What is expected
Beginning with the line that holds "# Drawn here: x" in the data below, give again every line through the one that holds "blk = doc.blocks.new('ROUNDP')", exactly as written.

Available data
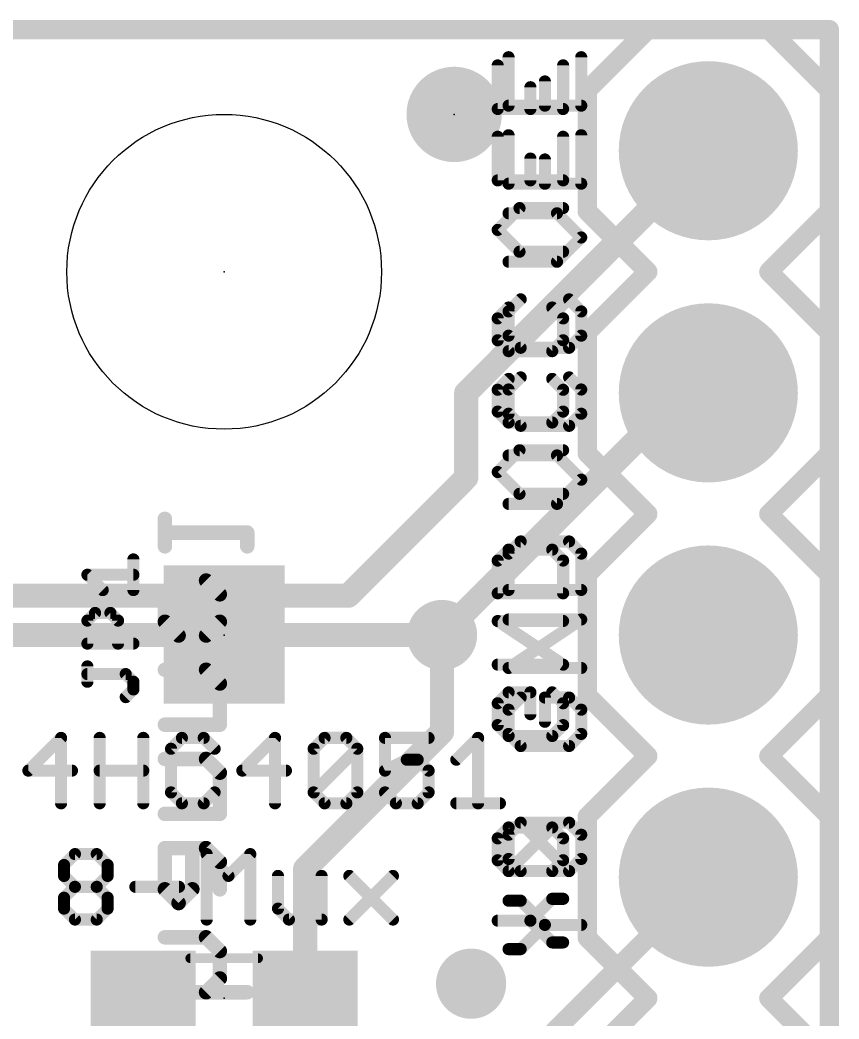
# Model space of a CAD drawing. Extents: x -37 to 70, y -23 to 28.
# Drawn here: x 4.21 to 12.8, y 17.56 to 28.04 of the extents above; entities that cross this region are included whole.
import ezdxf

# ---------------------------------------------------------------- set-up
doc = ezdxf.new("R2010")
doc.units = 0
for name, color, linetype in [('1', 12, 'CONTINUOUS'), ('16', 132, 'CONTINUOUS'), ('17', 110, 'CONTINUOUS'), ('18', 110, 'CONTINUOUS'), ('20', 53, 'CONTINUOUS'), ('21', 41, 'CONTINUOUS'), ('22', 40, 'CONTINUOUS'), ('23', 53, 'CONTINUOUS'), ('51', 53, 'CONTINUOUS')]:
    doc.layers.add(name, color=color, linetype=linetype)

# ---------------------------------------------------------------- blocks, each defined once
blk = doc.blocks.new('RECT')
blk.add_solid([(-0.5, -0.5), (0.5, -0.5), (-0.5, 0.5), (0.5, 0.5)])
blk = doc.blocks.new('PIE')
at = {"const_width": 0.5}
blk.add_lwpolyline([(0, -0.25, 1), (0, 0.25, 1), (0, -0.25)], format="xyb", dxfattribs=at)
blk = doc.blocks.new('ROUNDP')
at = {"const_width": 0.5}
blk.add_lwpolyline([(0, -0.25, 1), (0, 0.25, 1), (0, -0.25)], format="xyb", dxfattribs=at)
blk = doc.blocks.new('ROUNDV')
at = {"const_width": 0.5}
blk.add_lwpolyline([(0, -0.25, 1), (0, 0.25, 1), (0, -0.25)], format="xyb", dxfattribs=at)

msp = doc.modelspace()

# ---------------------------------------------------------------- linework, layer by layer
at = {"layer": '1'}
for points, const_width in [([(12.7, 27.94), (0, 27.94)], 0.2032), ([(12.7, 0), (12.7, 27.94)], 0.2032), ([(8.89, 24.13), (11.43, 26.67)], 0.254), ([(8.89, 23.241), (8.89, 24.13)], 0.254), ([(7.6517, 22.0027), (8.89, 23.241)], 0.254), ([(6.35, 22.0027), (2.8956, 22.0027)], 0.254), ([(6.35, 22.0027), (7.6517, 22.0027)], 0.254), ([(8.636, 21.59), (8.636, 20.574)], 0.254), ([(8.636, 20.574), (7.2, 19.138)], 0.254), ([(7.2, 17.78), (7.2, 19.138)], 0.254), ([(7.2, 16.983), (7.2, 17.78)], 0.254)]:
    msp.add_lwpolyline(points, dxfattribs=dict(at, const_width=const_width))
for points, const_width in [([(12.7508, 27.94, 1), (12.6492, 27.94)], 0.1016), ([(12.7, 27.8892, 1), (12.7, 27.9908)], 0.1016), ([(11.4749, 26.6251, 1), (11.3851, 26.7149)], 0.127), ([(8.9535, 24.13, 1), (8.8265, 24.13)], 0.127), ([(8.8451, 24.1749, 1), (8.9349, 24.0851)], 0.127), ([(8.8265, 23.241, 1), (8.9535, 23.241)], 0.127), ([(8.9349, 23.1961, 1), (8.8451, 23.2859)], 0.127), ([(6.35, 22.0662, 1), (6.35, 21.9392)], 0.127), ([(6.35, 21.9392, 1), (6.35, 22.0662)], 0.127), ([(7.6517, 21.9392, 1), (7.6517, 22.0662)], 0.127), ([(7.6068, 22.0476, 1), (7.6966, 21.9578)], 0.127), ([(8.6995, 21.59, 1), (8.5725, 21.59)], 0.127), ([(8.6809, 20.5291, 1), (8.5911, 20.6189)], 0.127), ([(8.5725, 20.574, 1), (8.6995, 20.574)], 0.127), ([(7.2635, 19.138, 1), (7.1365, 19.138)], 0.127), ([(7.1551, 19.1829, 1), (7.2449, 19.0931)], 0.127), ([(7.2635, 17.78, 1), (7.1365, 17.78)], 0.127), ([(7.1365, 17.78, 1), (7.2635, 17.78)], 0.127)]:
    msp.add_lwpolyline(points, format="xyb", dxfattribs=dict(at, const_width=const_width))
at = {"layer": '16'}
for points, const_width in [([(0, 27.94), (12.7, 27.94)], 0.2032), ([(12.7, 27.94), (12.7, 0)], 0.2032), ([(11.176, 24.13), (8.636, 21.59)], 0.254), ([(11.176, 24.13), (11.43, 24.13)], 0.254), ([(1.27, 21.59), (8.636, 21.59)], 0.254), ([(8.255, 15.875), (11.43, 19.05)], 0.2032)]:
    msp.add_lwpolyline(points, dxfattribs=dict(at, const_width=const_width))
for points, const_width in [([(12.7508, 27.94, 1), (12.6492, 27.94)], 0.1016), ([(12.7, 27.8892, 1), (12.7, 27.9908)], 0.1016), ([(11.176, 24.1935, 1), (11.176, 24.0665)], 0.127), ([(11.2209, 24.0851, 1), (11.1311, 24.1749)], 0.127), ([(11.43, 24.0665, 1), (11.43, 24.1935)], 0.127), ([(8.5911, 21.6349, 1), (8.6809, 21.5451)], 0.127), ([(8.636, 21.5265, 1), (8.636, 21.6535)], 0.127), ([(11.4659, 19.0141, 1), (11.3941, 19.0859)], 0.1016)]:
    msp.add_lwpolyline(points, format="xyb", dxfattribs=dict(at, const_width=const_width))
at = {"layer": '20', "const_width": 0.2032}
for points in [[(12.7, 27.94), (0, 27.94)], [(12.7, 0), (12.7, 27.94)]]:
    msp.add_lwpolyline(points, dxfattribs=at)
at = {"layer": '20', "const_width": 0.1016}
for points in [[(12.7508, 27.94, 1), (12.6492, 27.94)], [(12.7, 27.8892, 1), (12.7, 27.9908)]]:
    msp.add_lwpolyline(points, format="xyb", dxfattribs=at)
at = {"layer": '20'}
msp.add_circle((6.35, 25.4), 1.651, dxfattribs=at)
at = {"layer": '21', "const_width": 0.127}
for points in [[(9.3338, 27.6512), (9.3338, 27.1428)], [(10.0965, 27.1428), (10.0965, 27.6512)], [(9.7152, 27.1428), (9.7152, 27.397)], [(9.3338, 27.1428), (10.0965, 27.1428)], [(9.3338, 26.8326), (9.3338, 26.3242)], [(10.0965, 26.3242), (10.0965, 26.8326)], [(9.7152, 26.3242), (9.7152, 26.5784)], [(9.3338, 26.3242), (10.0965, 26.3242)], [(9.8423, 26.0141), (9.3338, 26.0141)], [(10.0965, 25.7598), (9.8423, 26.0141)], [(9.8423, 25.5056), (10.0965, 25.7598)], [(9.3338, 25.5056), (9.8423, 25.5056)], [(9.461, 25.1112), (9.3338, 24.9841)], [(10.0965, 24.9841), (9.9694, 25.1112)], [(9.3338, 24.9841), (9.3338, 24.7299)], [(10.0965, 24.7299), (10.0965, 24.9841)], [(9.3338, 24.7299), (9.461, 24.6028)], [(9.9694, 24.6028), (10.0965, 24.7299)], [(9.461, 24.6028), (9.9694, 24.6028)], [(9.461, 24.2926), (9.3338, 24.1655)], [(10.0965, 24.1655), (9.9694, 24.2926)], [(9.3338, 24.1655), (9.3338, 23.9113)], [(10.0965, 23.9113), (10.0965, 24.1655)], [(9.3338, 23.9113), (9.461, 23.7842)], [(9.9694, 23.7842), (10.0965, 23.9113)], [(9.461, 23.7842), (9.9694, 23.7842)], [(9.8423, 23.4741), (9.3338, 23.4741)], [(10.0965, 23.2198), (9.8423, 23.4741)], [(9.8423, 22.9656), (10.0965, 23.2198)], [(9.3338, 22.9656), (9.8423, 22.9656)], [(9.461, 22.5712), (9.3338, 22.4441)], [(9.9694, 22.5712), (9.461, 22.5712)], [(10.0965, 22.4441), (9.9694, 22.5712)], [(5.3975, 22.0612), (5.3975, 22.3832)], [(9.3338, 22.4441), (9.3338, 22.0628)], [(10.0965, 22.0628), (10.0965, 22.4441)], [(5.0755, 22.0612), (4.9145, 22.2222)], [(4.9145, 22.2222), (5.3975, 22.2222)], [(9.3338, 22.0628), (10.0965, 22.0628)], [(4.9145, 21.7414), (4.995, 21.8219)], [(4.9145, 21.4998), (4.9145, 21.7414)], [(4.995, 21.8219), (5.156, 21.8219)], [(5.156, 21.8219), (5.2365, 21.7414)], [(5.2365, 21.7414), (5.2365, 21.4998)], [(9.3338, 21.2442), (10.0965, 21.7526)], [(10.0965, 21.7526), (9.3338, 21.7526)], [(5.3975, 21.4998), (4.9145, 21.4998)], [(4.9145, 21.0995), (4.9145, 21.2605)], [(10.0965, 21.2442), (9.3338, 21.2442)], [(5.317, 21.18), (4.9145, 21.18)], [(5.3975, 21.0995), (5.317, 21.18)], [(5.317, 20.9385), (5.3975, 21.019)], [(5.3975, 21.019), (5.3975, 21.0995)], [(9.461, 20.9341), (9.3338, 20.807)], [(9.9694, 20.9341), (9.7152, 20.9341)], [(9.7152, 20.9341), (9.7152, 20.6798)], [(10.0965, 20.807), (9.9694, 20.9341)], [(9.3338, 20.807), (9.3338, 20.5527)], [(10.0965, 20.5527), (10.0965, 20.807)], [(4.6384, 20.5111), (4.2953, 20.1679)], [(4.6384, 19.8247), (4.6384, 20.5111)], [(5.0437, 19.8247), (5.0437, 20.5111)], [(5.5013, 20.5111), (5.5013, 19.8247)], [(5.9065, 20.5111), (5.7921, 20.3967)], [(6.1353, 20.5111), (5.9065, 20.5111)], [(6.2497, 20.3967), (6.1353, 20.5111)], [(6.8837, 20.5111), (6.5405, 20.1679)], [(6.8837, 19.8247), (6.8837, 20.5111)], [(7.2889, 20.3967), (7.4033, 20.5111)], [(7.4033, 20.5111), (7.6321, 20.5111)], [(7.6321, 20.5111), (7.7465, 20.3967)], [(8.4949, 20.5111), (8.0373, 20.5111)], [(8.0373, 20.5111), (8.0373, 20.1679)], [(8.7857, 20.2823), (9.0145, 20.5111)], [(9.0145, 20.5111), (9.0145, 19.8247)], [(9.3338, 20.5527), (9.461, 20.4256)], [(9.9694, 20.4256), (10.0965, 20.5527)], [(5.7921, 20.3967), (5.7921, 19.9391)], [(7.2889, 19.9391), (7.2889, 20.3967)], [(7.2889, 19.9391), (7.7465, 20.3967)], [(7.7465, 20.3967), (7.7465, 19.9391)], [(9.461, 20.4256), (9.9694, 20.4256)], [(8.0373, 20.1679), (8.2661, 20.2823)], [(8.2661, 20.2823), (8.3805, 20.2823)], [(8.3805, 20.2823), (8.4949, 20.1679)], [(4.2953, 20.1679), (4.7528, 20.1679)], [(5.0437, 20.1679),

Solution
# Drawn here: x 4.21 to 12.8, y 17.56 to 28.04 of the extents above; entities that cross this region are included whole.
import ezdxf

# ---------------------------------------------------------------- set-up
doc = ezdxf.new("R2010")
doc.units = 0
for name, color, linetype in [('1', 12, 'CONTINUOUS'), ('16', 132, 'CONTINUOUS'), ('17', 110, 'CONTINUOUS'), ('18', 110, 'CONTINUOUS'), ('20', 53, 'CONTINUOUS'), ('21', 41, 'CONTINUOUS'), ('22', 40, 'CONTINUOUS'), ('23', 53, 'CONTINUOUS'), ('51', 53, 'CONTINUOUS')]:
    doc.layers.add(name, color=color, linetype=linetype)

# ---------------------------------------------------------------- blocks, each defined once
blk = doc.blocks.new('RECT')
blk.add_solid([(-0.5, -0.5), (0.5, -0.5), (-0.5, 0.5), (0.5, 0.5)])
blk = doc.blocks.new('PIE')
at = {"const_width": 0.5}
blk.add_lwpolyline([(0, -0.25, 1), (0, 0.25, 1), (0, -0.25)], format="xyb", dxfattribs=at)
blk = doc.blocks.new('ROUNDP')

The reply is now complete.